HackGT: A New Experience

It’s been a while! I’m back here to update on a few things that’s happened. This year’s been crazy with COVID and the transition to college. Going to Georgia Tech is going almost as well as I imagined. This fall semester, it really took a few months to adjust to college, but now I’m feeling better than ever.

About a month ago, I entered HackGT, the annual hackathon hosted by Georgia Tech. I was joined with Morris Wan, Ethan Chee, and Kurt Hu. Our team name was “Two Over One,” which derives from the many, many games of Bridge that we played almost every day at the lunch and dinner table the first few months. Morris and I were partners-in-crime all the way back from high school, but we met Ethan and Kurt in the same building, and we’ve become close.

HackGT began on October 9th, a Friday afternoon.

This project was a wild ride. Coming into this hackathon with little information as to what we as a group wanted to create, it felt like an impossible task to get any meaningful work done within about the 36 hours. The first three hours were spent on hard brainstorming, splashing our mini-white board with as many ideas that we could think of. Simulation of living without glasses, simulation of colorblindness, a calorie fitness app, a Youtube addiction-curber, a Bridge AI. There were so many problems that we wanted to solve, but nothing stood out for all four of us. Right before dinner time hit, I thought about the incredibly cool animations of the old Windows Media Player had. You know, the swirly, trippy, colorful images that played in sync with your song? I thought that’d be incredibly cool to make. Kurt, though, thought of an even better idea: representing an audio file by a singular image. Not everyone was for this idea, initially, as we kind of thought of it as a joke concept at first. Like, how hard could it be to convert bits to bits? It’ll be easy weekend.

Challenges started to arise deep into Friday night though. As we thought about it more, we concluded it was a conflict of whether we wanted the image to be a one-to-one conversion or an artistic representation. On one hand, it would be extremely cool and useful to have an image completely represent a sound. It would be great for encoding information in the physical world and act as “QR code” for sound. On the other hand, the idea of seeing a computer-generated picture and immediately understanding what a song’s tone and vibe was extremely satisfying too. We went to sleep, nervous but excited, with an idea that we knew had a lot of potential.

Saturday morning, we drew up the semblance of a plan. The plan was to convert the song’s raw bit data into the fields of the pixels of the image, and that newly created image would then be multiplied by invertible transformation matrices created dependent on analyses of the audio’s unique characteristics (frequency, amplitude, key, length, etc). We each divided the work by section: Ethan primarily worked on the audio-to-image conversion algorithm, Morris worked on the developing our dynamic website, I worked on the transformations, and Kurt was a helper that greatly contributed to all three. In all three, we had major obstacles that weren’t foreseen.

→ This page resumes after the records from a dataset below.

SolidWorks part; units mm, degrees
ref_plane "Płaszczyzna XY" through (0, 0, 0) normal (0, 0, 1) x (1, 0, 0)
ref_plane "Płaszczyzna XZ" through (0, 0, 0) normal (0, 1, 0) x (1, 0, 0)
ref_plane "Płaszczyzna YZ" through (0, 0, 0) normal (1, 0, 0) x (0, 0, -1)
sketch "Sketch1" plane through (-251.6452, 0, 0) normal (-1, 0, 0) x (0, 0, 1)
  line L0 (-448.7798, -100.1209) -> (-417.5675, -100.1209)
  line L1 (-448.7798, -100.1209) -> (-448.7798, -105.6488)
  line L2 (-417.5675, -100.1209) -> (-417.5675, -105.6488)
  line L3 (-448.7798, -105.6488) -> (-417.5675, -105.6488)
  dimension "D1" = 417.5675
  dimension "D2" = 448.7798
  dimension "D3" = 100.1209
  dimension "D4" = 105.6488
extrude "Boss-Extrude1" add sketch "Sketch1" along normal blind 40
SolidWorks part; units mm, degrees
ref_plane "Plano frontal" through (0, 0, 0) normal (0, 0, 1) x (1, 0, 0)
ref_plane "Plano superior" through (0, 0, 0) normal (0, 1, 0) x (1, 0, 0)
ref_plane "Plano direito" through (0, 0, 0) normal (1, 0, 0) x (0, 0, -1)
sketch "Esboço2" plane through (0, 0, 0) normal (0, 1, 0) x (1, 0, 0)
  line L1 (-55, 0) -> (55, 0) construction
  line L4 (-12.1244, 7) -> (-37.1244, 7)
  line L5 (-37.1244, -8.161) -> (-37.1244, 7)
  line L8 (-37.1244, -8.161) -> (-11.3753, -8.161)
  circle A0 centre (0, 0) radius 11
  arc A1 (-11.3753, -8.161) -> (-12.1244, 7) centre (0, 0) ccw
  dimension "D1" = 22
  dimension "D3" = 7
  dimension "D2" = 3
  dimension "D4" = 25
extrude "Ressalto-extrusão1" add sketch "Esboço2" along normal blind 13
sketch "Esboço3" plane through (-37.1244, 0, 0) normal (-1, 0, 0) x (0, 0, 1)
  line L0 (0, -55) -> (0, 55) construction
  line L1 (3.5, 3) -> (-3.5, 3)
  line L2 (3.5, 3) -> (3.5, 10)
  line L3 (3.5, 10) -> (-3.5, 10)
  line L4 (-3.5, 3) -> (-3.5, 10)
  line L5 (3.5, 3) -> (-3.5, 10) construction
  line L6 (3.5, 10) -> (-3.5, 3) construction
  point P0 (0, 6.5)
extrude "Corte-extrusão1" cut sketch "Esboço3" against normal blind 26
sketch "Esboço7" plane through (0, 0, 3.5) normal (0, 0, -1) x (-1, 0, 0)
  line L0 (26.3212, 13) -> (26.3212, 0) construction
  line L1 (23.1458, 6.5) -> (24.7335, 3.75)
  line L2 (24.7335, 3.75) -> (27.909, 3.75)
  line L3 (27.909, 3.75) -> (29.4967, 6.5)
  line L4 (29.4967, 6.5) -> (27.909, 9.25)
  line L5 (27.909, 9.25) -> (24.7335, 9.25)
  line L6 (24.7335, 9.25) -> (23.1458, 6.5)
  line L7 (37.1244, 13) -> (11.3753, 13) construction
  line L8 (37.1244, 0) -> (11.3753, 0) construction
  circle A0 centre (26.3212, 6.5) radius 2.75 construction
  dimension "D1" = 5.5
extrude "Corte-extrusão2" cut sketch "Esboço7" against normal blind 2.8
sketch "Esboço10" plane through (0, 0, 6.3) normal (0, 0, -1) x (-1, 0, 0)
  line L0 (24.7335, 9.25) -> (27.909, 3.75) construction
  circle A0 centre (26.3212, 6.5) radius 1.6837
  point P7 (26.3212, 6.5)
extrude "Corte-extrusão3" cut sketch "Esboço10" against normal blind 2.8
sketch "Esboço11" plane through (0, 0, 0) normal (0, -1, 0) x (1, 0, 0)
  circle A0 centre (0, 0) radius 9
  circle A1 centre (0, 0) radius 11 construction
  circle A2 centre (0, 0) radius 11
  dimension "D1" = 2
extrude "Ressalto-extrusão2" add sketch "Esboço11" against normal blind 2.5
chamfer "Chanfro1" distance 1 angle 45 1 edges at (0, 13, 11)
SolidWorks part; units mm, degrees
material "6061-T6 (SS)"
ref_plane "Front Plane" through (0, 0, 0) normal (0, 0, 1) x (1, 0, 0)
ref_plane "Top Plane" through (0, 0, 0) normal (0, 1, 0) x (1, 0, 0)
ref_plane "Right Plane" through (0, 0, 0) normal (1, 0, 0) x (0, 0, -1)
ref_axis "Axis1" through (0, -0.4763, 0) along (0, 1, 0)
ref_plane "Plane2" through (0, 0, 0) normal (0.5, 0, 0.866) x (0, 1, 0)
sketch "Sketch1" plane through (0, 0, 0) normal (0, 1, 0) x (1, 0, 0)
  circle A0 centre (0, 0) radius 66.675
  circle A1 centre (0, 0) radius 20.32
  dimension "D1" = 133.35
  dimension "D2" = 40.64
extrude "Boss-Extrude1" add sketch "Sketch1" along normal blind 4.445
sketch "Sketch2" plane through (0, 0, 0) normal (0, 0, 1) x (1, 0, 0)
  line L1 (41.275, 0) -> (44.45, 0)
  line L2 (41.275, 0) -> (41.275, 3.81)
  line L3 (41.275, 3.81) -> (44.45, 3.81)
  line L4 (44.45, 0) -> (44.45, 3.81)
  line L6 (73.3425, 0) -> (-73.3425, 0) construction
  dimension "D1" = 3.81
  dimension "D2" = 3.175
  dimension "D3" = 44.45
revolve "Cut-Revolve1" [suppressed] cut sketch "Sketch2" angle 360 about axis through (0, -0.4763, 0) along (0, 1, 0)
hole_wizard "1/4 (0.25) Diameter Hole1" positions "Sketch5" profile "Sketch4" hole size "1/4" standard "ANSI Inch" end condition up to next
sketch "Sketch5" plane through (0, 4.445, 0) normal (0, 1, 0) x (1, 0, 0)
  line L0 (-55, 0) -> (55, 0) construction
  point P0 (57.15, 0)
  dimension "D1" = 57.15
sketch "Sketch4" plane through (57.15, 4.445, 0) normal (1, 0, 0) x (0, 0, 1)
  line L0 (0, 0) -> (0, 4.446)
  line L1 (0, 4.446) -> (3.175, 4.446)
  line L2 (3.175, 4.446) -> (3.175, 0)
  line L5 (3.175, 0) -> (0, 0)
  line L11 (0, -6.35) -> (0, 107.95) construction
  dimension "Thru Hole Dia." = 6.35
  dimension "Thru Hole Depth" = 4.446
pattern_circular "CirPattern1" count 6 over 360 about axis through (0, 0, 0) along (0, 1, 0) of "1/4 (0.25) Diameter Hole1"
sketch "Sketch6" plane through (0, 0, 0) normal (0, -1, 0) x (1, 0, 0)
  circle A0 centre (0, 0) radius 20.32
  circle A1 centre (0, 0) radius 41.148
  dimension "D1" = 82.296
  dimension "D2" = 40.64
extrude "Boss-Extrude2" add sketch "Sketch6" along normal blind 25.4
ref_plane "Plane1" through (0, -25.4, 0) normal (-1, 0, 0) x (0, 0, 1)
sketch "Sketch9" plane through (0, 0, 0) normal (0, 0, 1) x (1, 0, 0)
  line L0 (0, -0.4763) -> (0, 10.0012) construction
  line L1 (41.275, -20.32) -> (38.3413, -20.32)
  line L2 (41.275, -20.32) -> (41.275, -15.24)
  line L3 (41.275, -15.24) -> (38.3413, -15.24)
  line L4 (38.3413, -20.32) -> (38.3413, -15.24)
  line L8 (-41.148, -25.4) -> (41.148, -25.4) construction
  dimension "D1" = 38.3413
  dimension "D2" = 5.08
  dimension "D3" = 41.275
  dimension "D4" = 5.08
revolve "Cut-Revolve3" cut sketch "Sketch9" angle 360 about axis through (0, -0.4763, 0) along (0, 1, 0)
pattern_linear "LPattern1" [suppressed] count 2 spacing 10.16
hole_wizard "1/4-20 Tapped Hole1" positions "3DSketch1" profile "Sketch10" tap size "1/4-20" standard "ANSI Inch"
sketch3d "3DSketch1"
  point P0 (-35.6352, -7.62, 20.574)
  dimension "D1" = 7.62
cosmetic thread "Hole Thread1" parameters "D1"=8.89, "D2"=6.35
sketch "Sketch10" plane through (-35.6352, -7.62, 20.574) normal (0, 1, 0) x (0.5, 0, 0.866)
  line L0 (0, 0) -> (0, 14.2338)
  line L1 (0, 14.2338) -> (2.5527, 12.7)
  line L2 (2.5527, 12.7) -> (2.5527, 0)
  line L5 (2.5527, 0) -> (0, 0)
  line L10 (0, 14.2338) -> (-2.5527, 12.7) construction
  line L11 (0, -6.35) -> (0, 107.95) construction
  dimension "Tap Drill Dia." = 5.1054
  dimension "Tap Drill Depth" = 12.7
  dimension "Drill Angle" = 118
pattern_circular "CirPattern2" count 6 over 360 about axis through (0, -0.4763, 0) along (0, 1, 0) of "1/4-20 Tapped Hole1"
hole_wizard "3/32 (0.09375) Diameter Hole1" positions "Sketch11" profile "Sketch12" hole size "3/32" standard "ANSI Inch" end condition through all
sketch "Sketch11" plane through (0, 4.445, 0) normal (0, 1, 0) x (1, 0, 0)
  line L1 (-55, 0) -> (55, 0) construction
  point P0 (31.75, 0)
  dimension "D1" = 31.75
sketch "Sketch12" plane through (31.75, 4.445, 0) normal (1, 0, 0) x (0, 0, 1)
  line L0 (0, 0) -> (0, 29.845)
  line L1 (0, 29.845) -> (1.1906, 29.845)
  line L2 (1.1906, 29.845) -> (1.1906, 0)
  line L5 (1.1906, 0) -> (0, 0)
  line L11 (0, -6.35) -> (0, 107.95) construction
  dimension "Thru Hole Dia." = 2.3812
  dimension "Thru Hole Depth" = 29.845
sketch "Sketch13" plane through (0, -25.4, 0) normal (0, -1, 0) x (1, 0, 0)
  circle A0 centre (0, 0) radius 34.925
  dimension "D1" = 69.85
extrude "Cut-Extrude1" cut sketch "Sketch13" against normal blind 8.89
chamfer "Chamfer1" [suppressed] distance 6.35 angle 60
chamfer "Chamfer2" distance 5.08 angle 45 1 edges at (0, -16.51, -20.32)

Ethan developed two algorithms, one that converts a .wav file to an image and one that converts an image back into a .wav file. For the .wav to image conversion, we assumed that the .wav file would be a 16-bit file as that is what is most common. We needed to convert these 16-bit data points into a 32-bit pixel, so we did the following. We broke up bits 2-16 and assigned them to be bits in the RGB values of a pixel. We distributed the bits such that the most significant bits in the input were the most significant bits in the colors. We then padded the rest of the RGB values such that they were each 8 bits long. Next, we used the first bit (signed bit) in the input to determine the alpha value of the pixel. If the bit was positive the alpha was 255 and if negative the alpha was 128. The exact opposite process was used to turn an image back into a .wav file. The algorithms are designed such that if you run a file through one of the algorithms and then use the outputted file in the other algorithm, the final output will be the original file.

I looked at the characteristics of music and how to extract that information from an audio file. I was able to find the average frequency rather easily, as well as the average amplitude. The one obstacle that I faced was the finding the key. I innocently thought that it would be easy converting the song to a MIDI file and have an algorithm analyze the key. It was not. After 5 hours of searching, I came to the sinking conclusion that the conversion could only take place in Python 2.7, when the rest of the project was being written for Python 3.8. While searches of version control with virtualenv gave me hope, we simply didn’t have enough time to implement it. Saddened but not discouraged, I still wanted to overlay two sin waves of the sound file’s unique frequency and amplitude. But because so much time was spent as a group in developing the website and algorithm, these features had to be ultimately cut. Alas, a project made in less than 2 days won’t always go according to plan.

Morris and Kurt spent Saturday afternoon finding out exactly what kind of website solution we wanted to go through. We as a group had a little experience with web development, let alone dynamic website development. They juggled with the idea of Firebase with Google Cloud, but the ultimate solution was Flask. With a Frankenstein of google searches and snippets of a previous Flask solution that Ethan worked on, at midnight we achieved perfection: a website that could legitimately take a file upload and not die. We were so excited that I think Morris’s scream at 1 AM woke up the whole dorm.